:: Work required ::
For the entries that follow, restate word for word the line containing "(0, 0, 232.6)", the line containing "line L17 (28.762, 1.143)", and every line that lies between them.

:: Records supplied ::
++++
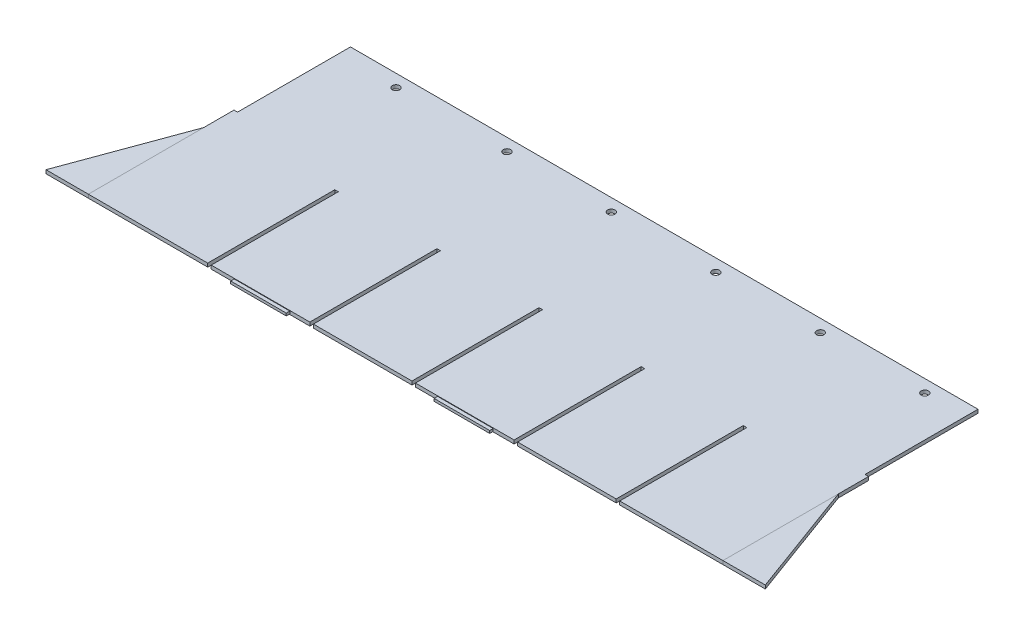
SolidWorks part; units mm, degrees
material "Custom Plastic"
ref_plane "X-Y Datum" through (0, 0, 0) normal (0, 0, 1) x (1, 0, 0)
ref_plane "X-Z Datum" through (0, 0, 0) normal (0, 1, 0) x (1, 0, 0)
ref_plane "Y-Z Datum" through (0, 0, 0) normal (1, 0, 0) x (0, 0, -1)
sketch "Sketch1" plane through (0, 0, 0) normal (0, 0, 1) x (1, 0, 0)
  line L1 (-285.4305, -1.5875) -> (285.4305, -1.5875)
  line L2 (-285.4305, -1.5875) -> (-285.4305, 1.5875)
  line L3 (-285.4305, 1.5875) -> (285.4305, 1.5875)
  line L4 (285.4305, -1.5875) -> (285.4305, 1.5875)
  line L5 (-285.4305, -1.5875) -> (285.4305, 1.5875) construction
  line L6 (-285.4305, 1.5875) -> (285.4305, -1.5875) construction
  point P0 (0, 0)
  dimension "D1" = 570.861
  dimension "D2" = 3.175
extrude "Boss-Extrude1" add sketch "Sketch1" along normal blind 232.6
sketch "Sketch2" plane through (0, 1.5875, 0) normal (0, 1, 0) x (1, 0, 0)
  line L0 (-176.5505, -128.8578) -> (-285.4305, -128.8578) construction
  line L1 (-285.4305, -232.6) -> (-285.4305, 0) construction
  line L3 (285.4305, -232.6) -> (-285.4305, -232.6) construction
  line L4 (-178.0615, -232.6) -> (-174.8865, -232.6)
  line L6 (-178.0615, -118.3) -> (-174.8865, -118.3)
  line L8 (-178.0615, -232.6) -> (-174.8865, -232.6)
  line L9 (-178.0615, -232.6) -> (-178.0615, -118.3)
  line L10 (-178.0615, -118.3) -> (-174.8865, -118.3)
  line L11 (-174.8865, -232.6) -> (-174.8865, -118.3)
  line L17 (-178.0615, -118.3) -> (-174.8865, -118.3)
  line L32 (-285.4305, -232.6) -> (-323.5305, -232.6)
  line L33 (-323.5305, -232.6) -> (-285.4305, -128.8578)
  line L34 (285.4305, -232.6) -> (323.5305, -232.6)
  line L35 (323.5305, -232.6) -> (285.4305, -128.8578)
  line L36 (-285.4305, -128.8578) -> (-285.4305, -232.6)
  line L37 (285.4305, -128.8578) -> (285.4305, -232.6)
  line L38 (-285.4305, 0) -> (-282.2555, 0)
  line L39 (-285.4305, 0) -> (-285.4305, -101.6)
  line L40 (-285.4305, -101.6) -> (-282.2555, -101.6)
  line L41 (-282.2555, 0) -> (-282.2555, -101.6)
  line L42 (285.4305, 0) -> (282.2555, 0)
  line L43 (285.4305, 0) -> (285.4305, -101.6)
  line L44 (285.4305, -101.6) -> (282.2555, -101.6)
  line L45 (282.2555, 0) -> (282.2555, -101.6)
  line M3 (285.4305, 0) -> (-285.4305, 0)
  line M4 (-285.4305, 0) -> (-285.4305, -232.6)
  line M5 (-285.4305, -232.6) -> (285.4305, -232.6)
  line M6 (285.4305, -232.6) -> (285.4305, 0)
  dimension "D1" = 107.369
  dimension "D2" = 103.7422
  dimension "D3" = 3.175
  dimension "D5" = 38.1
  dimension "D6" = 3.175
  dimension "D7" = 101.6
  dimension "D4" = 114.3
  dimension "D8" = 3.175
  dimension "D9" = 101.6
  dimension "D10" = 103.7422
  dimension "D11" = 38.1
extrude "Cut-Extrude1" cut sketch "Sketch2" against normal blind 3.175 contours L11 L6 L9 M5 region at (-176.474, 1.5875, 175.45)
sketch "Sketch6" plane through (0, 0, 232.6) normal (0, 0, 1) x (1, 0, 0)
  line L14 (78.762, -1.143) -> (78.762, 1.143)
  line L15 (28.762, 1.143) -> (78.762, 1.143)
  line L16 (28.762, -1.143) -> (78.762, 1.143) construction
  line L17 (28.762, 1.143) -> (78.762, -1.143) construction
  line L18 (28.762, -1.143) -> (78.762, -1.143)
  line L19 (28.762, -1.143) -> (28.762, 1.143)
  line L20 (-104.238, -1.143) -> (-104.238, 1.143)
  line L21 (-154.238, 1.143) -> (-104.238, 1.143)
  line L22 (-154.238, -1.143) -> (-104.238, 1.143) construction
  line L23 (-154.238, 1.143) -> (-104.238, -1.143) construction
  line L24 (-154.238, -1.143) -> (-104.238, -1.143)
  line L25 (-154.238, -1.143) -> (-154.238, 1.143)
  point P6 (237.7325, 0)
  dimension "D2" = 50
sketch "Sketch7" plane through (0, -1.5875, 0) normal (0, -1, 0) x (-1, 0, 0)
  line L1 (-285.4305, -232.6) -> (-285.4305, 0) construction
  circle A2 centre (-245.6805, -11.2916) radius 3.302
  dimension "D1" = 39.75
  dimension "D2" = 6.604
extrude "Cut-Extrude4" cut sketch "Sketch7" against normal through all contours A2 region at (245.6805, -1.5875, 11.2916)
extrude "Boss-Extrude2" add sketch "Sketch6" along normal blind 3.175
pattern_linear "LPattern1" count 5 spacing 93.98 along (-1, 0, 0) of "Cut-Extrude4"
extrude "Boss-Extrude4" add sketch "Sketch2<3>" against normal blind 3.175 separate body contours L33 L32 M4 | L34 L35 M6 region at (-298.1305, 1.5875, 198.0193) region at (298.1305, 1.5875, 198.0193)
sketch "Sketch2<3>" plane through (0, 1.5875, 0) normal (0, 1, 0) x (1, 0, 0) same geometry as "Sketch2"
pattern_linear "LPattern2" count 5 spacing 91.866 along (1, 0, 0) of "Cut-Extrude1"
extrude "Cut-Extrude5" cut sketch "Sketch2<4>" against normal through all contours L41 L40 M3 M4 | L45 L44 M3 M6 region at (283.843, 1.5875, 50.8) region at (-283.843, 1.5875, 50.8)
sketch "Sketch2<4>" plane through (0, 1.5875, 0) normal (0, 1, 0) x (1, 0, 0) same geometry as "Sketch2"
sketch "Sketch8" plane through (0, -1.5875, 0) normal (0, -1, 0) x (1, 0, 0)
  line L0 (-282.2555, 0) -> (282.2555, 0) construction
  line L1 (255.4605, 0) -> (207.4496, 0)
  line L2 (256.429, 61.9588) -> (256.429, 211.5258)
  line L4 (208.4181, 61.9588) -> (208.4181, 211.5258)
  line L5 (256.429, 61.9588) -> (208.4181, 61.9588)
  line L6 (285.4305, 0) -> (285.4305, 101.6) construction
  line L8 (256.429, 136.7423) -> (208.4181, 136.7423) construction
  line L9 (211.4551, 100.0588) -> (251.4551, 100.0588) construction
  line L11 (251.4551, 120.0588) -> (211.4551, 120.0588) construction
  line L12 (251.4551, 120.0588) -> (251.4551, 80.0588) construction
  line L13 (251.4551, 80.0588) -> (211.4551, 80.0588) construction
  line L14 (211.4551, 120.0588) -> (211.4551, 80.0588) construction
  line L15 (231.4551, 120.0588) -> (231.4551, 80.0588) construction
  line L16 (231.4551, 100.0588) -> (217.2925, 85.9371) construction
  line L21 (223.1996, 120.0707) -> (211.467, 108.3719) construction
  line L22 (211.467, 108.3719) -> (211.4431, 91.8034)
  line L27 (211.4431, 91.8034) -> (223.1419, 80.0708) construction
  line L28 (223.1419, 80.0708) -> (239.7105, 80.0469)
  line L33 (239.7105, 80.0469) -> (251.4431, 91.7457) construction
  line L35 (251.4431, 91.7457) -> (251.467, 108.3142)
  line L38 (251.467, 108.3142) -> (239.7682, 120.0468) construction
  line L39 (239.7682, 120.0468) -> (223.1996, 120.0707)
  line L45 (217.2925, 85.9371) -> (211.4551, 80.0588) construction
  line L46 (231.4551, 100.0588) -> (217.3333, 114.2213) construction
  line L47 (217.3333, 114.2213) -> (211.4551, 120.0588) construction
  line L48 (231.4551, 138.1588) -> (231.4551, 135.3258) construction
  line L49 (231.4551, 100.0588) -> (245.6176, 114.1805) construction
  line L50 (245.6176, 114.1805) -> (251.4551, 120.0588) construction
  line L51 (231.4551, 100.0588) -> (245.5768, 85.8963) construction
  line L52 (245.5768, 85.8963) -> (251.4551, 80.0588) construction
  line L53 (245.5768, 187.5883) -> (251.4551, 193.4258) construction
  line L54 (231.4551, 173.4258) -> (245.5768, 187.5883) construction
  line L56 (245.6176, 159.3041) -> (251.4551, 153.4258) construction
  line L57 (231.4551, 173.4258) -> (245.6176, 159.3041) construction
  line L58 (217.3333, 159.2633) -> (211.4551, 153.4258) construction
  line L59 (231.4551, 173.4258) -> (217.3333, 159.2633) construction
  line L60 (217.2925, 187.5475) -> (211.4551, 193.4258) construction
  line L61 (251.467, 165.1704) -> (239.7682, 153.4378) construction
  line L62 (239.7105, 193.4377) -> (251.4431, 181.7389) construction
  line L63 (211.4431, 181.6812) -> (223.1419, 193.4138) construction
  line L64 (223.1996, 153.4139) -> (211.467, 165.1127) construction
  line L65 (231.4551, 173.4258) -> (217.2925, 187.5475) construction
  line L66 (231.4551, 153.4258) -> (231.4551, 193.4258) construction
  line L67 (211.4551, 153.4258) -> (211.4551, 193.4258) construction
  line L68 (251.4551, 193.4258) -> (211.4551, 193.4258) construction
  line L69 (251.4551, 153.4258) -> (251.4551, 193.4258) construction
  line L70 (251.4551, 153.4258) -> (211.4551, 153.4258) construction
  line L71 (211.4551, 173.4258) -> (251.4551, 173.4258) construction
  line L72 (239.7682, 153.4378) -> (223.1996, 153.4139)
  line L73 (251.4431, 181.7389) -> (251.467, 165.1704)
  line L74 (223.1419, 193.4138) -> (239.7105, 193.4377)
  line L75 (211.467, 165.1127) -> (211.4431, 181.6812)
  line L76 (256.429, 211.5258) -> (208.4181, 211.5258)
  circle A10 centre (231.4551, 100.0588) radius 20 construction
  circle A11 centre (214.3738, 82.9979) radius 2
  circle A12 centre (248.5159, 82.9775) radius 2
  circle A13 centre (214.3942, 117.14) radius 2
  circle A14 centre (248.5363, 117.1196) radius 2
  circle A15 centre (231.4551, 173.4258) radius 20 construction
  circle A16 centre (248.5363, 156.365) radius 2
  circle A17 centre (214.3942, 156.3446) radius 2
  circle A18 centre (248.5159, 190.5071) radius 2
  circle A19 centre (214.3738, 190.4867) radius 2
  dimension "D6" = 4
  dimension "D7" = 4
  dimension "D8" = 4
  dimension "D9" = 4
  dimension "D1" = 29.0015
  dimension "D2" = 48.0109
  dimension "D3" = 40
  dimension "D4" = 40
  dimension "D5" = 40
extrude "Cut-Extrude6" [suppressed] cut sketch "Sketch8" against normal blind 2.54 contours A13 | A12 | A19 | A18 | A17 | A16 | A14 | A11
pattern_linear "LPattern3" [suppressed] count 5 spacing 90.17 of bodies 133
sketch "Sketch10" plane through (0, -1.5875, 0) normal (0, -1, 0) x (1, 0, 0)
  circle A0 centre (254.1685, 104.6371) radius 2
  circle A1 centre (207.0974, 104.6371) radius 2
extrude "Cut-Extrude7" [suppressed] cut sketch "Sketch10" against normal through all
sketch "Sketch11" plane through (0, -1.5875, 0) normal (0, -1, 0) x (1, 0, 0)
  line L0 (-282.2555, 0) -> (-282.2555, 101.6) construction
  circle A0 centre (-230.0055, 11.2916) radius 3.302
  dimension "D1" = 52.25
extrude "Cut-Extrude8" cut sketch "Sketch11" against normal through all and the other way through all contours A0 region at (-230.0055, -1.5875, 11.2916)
++++
:: Answer below ::
sketch "Sketch6" plane through (0, 0, 232.6) normal (0, 0, 1) x (1, 0, 0)
  line L14 (78.762, -1.143) -> (78.762, 1.143)
  line L15 (28.762, 1.143) -> (78.762, 1.143)
  line L16 (28.762, -1.143) -> (78.762, 1.143) construction
  line L17 (28.762, 1.143) -> (78.762, -1.143) construction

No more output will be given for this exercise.